Dimension estimation in PCA model using high-dimensional data augmentation
Una Radojicic, Joni Virta
TL;DR
The paper tackles latent-dimension estimation in PCA under high-dimensional data by first analyzing predictor augmentation and showing that the original approach can be inconsistent when both data and augmentation dimensions grow with the sample size. It then proposes a high-dimensional predictor augmentation (HDPA) that debiases spike eigenvalues from the original data, adjusts eigenvector-norm information, and identifies the latent dimension by a jump in a carefully constructed criterion, proving consistency under mild conditions. The authors provide theoretical results on the limits of augmented-eigenstructure in high dimensions and illustrate that, unlike the original method, HDPA remains reliable across a broad range of $\gamma_p$ and $\gamma_r$ regimes.

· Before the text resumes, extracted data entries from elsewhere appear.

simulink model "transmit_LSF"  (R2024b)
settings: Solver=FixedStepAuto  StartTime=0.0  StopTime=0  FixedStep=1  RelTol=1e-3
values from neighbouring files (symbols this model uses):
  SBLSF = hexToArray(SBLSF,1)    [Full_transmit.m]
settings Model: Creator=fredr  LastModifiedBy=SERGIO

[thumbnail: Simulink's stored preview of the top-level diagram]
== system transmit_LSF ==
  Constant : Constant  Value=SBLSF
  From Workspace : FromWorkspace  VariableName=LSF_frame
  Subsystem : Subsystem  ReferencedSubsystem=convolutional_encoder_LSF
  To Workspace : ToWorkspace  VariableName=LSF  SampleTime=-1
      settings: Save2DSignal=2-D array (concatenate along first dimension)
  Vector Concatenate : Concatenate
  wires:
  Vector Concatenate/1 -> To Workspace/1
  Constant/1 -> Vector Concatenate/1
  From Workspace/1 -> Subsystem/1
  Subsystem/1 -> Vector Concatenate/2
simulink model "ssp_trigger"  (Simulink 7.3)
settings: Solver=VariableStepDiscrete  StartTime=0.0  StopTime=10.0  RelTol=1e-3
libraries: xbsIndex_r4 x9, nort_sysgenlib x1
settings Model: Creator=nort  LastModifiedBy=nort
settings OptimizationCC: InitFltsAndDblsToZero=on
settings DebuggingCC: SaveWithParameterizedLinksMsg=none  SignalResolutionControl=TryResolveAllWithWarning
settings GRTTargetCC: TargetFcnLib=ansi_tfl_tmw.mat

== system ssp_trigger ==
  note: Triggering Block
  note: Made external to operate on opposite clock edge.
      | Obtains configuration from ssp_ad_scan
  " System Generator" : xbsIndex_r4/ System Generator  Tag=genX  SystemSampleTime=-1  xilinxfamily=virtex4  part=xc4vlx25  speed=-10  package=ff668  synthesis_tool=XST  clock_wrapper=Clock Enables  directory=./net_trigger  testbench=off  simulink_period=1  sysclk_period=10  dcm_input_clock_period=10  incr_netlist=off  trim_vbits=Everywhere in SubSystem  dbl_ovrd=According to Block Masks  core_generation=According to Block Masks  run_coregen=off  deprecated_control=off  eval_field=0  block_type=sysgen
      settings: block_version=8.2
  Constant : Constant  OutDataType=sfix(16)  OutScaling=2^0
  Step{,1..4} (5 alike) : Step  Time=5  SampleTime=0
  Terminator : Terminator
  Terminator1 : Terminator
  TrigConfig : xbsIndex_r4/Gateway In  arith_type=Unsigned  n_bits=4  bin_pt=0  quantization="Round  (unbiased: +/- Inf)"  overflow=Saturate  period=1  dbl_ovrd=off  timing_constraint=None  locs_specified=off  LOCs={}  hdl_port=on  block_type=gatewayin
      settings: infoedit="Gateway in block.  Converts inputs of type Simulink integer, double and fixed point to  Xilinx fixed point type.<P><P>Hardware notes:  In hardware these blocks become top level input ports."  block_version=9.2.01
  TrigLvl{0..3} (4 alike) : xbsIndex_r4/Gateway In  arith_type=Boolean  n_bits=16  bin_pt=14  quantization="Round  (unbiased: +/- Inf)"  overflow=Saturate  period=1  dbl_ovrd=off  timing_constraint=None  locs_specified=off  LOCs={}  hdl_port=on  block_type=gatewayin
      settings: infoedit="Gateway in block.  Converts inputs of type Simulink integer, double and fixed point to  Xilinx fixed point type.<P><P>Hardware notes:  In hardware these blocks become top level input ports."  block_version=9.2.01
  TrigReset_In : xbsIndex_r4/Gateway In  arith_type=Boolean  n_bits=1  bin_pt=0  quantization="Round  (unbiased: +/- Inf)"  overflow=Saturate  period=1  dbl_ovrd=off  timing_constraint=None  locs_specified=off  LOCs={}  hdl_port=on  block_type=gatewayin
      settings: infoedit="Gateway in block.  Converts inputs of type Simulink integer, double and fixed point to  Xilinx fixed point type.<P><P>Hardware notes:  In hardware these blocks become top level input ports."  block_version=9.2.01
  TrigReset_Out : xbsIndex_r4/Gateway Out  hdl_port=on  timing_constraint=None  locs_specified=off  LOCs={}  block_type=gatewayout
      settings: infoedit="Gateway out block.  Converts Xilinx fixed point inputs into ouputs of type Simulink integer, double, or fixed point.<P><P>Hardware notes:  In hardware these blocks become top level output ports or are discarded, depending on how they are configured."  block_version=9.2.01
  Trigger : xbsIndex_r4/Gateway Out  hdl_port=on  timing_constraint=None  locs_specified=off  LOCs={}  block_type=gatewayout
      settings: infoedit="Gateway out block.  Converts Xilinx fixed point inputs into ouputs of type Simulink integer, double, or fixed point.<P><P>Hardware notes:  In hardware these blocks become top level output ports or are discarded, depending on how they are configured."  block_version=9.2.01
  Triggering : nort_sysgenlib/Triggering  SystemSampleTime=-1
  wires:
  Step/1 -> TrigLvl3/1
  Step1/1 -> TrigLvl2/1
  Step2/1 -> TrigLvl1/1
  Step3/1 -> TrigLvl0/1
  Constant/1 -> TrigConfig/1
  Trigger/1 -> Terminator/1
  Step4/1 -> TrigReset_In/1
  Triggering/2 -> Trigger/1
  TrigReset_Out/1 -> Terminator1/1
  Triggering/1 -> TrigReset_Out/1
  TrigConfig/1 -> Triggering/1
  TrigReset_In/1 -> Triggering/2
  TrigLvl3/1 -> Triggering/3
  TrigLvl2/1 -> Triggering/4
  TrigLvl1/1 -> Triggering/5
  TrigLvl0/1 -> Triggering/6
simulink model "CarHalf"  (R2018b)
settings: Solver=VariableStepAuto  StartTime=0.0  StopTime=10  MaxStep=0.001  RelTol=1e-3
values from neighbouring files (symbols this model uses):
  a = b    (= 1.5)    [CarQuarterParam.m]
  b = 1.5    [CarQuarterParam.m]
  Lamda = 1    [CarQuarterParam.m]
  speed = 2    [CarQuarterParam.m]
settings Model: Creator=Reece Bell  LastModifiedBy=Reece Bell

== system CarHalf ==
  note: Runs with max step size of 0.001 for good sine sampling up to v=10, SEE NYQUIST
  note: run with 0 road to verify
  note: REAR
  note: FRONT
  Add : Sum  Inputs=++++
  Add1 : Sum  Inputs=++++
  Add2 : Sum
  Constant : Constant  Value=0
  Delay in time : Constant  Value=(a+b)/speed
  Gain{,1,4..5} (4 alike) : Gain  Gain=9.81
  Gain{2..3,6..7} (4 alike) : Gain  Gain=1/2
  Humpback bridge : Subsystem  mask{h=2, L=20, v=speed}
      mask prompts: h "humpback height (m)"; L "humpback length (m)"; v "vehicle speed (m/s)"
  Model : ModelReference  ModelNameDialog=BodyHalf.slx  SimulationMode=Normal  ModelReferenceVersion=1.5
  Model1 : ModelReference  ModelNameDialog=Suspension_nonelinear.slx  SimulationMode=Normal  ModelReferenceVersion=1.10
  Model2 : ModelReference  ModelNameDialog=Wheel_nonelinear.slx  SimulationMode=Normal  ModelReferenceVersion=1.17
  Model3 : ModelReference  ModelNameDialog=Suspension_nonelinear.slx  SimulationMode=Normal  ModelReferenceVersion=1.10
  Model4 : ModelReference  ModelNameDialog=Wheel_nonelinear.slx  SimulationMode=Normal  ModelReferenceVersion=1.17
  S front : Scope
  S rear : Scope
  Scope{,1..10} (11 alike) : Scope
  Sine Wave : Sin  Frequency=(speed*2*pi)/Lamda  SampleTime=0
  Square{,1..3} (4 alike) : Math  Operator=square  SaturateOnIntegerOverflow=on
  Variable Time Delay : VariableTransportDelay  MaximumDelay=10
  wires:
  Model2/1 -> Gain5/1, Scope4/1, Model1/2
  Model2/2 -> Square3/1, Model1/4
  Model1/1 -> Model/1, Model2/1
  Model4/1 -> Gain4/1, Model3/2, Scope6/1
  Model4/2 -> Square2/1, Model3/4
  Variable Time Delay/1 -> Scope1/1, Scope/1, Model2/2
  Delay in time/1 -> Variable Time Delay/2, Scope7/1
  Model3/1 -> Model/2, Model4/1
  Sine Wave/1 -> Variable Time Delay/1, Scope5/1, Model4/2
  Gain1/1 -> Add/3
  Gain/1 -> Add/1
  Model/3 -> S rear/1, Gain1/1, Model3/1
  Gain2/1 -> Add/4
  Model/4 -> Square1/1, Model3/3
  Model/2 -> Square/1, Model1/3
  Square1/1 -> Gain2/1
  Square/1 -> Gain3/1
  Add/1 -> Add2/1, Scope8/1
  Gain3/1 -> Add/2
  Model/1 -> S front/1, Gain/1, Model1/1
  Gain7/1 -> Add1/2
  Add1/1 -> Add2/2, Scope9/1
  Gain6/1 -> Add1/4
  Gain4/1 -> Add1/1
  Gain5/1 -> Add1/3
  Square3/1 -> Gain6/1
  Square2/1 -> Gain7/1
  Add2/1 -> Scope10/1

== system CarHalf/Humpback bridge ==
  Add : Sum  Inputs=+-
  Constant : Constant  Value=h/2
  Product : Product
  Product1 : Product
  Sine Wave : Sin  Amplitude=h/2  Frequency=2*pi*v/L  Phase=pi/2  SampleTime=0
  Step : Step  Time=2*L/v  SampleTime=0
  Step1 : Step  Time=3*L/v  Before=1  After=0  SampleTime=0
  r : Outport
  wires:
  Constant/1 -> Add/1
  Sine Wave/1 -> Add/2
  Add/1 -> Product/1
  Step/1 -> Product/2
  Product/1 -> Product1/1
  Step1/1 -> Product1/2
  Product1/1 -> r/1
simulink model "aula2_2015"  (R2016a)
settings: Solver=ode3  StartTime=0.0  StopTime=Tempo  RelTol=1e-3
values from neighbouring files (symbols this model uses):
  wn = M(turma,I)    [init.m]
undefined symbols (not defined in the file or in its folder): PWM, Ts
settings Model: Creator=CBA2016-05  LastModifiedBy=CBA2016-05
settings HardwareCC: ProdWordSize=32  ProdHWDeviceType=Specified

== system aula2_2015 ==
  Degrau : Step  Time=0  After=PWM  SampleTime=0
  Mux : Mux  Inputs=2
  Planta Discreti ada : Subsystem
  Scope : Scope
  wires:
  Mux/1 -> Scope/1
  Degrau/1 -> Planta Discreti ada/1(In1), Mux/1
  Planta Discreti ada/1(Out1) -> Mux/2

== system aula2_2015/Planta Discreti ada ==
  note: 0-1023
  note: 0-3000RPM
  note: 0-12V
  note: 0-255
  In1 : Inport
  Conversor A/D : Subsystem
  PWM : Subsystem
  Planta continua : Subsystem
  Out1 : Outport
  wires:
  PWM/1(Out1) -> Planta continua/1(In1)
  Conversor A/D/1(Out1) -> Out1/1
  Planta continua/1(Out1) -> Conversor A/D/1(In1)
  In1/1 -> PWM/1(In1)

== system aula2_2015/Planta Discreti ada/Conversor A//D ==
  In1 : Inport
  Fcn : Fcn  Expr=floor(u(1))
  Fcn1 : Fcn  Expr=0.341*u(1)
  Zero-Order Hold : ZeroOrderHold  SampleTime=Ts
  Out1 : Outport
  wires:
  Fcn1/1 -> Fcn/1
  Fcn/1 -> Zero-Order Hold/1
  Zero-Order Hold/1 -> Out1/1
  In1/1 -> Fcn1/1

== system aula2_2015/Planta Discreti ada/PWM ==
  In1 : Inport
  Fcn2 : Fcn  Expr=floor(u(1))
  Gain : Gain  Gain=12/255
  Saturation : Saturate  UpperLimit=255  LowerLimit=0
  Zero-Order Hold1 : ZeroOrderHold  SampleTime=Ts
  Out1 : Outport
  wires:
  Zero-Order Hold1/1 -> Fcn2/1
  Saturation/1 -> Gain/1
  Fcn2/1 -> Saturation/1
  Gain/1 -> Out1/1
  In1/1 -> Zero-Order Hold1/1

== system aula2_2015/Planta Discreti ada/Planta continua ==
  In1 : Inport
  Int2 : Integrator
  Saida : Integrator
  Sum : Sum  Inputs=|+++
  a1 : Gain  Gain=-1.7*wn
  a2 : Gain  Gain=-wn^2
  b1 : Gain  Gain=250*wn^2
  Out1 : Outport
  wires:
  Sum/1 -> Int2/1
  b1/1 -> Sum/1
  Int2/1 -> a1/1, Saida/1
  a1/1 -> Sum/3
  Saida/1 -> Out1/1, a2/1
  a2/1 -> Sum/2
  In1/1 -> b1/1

Simulations demonstrate substantial improvements over competing methods, including robustness to non-Gaussian data, and practical guidance for noise-variance estimation and augmentation tuning.
Abstract
We propose a modified, high-dimensional version of a recent dimension estimation procedure that determines the dimension via the introduction of augmented noise variables into the data. Our asymptotic results show that the proposal is consistent in wide high-dimensional scenarios, and further shed light on why the original method breaks down when the dimension of either the data or the augmentation becomes too large. Simulations are used to demonstrate the superiority of the proposal to competitors both under and outside of the theoretical model.